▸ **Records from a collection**
- - - -
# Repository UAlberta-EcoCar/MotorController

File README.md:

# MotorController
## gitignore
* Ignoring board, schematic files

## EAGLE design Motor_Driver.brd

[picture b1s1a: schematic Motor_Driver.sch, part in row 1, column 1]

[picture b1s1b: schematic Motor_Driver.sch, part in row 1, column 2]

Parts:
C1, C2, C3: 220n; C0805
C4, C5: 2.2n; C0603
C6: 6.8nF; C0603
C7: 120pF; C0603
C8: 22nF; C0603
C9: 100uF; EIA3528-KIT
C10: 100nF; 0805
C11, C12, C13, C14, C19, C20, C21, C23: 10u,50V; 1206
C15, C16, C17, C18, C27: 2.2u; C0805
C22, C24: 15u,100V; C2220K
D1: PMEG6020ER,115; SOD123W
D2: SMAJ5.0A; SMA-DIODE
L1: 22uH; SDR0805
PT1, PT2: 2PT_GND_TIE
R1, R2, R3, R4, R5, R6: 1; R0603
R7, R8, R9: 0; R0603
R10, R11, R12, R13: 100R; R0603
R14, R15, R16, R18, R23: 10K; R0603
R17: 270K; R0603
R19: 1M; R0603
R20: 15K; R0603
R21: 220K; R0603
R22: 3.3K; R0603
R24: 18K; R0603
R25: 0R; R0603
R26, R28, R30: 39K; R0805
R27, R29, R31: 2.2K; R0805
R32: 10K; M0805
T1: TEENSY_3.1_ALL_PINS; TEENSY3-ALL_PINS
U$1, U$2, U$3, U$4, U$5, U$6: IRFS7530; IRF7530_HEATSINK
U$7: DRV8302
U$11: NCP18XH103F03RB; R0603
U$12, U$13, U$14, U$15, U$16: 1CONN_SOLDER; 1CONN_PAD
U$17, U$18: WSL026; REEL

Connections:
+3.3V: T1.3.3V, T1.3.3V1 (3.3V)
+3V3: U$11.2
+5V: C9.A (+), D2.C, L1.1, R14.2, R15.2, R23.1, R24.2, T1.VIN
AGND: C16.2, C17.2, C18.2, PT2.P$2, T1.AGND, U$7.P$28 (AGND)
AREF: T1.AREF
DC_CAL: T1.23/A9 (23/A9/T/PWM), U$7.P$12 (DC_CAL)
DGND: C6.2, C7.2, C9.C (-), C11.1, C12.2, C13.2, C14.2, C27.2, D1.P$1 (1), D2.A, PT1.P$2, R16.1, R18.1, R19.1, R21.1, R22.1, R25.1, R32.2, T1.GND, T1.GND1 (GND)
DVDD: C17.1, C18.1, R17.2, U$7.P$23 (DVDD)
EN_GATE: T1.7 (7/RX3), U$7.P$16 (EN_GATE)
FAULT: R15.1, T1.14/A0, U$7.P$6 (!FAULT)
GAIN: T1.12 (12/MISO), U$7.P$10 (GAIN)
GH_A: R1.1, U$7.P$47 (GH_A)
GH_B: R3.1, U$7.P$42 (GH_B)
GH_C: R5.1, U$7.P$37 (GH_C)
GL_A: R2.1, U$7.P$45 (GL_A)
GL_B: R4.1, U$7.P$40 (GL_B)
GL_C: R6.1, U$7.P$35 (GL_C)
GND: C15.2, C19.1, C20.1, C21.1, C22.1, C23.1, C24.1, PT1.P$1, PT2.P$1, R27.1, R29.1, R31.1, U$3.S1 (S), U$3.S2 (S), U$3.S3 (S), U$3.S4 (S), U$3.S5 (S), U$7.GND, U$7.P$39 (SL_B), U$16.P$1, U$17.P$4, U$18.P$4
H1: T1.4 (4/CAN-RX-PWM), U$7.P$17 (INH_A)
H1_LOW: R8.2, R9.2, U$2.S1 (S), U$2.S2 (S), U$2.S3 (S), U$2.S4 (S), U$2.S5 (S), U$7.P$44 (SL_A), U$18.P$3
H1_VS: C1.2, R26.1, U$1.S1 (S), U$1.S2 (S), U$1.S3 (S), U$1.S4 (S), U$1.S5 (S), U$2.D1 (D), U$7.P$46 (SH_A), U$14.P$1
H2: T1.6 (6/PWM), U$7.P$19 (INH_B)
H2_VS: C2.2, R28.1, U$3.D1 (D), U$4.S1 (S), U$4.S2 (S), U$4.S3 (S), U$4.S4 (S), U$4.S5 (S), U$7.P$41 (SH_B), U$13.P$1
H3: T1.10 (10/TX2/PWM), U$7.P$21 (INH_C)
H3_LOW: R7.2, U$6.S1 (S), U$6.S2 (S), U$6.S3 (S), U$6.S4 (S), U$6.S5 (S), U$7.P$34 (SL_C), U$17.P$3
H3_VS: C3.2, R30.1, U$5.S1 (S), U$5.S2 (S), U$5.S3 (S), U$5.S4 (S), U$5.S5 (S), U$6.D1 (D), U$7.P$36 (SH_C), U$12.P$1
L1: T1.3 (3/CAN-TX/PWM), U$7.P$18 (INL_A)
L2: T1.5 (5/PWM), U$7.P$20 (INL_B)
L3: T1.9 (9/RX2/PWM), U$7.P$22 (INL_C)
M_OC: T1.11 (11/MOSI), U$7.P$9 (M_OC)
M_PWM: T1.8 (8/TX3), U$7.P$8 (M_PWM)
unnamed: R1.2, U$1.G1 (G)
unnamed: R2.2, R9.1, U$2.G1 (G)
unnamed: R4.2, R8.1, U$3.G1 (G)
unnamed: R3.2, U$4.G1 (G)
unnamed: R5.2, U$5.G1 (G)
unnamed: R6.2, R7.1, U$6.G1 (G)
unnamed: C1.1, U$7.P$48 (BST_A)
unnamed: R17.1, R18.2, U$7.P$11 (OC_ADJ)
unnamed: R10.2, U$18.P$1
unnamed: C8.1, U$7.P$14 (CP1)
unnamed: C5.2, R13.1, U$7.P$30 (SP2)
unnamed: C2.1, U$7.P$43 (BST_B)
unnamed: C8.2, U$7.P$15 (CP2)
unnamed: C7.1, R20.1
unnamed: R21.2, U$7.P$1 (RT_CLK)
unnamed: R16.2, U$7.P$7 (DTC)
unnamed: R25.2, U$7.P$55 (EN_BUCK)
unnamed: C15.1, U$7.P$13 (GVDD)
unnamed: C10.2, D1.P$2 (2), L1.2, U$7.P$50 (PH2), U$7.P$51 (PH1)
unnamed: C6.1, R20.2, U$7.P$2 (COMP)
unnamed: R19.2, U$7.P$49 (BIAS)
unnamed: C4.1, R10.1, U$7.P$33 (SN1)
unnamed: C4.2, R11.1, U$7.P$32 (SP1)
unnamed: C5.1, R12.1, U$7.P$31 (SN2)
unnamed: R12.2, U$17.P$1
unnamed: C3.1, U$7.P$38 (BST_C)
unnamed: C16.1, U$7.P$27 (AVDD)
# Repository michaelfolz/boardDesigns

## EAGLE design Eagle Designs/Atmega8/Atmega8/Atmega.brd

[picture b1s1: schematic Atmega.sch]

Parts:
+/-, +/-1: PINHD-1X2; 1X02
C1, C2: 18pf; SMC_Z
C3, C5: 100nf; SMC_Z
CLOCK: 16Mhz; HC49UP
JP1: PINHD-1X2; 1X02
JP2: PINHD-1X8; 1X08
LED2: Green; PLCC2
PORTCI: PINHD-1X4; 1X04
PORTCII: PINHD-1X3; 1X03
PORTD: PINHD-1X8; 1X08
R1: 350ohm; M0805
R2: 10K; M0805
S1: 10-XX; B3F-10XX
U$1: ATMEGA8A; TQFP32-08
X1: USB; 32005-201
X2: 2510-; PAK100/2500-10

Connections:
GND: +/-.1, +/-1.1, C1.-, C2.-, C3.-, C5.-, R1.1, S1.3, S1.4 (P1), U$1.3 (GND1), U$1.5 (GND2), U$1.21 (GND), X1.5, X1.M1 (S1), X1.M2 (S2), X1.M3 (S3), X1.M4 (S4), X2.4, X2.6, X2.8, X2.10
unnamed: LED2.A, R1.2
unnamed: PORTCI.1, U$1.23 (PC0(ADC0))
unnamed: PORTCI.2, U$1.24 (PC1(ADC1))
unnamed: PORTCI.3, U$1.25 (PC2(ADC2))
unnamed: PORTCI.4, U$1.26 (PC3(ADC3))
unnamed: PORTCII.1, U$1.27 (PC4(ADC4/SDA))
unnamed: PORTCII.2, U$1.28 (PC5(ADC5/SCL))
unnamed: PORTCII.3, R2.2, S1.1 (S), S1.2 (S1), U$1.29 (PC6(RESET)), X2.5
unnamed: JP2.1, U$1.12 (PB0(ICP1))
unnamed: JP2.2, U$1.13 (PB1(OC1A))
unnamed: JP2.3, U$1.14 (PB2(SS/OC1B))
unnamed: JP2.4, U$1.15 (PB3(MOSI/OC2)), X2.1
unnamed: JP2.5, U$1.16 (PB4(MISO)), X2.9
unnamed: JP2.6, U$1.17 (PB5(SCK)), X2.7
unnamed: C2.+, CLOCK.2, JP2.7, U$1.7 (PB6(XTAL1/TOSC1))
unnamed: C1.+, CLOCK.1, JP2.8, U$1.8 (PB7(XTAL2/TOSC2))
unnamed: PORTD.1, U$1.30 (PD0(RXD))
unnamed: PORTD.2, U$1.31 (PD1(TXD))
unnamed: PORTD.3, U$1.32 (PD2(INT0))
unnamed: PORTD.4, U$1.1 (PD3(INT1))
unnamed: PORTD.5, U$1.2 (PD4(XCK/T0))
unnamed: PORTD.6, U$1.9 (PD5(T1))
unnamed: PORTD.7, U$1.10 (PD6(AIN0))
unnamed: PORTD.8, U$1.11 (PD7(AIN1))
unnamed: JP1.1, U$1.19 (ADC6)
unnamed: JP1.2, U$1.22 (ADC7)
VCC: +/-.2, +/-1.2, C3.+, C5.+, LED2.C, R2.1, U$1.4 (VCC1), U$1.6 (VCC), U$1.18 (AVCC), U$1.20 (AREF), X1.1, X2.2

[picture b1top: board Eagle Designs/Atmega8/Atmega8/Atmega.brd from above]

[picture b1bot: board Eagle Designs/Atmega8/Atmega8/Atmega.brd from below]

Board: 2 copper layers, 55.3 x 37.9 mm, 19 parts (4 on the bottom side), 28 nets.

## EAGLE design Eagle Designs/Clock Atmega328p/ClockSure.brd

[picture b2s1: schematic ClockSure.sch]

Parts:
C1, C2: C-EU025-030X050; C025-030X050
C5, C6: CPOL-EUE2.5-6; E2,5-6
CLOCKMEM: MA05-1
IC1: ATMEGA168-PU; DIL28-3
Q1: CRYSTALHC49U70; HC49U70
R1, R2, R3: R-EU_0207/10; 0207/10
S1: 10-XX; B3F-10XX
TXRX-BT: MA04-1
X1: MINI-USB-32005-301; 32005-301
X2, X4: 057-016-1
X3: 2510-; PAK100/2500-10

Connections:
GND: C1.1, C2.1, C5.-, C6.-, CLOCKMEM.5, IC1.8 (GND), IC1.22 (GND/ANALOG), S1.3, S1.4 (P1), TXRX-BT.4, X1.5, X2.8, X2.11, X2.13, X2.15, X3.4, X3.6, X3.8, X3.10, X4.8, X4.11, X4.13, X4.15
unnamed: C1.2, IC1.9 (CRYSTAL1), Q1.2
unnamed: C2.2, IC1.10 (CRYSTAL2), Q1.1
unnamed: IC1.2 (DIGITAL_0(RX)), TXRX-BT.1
- - - -
▸ **About this exercise**
What are the lines from the one with "unnamed: C2.2, IC1.10 (CRYSTAL2), Q1.1" through the end of the records above? Set them down exactly, both ends included, and nothing else.

▸ **Solution for this exercise**
unnamed: C2.2, IC1.10 (CRYSTAL2), Q1.1
unnamed: IC1.2 (DIGITAL_0(RX)), TXRX-BT.1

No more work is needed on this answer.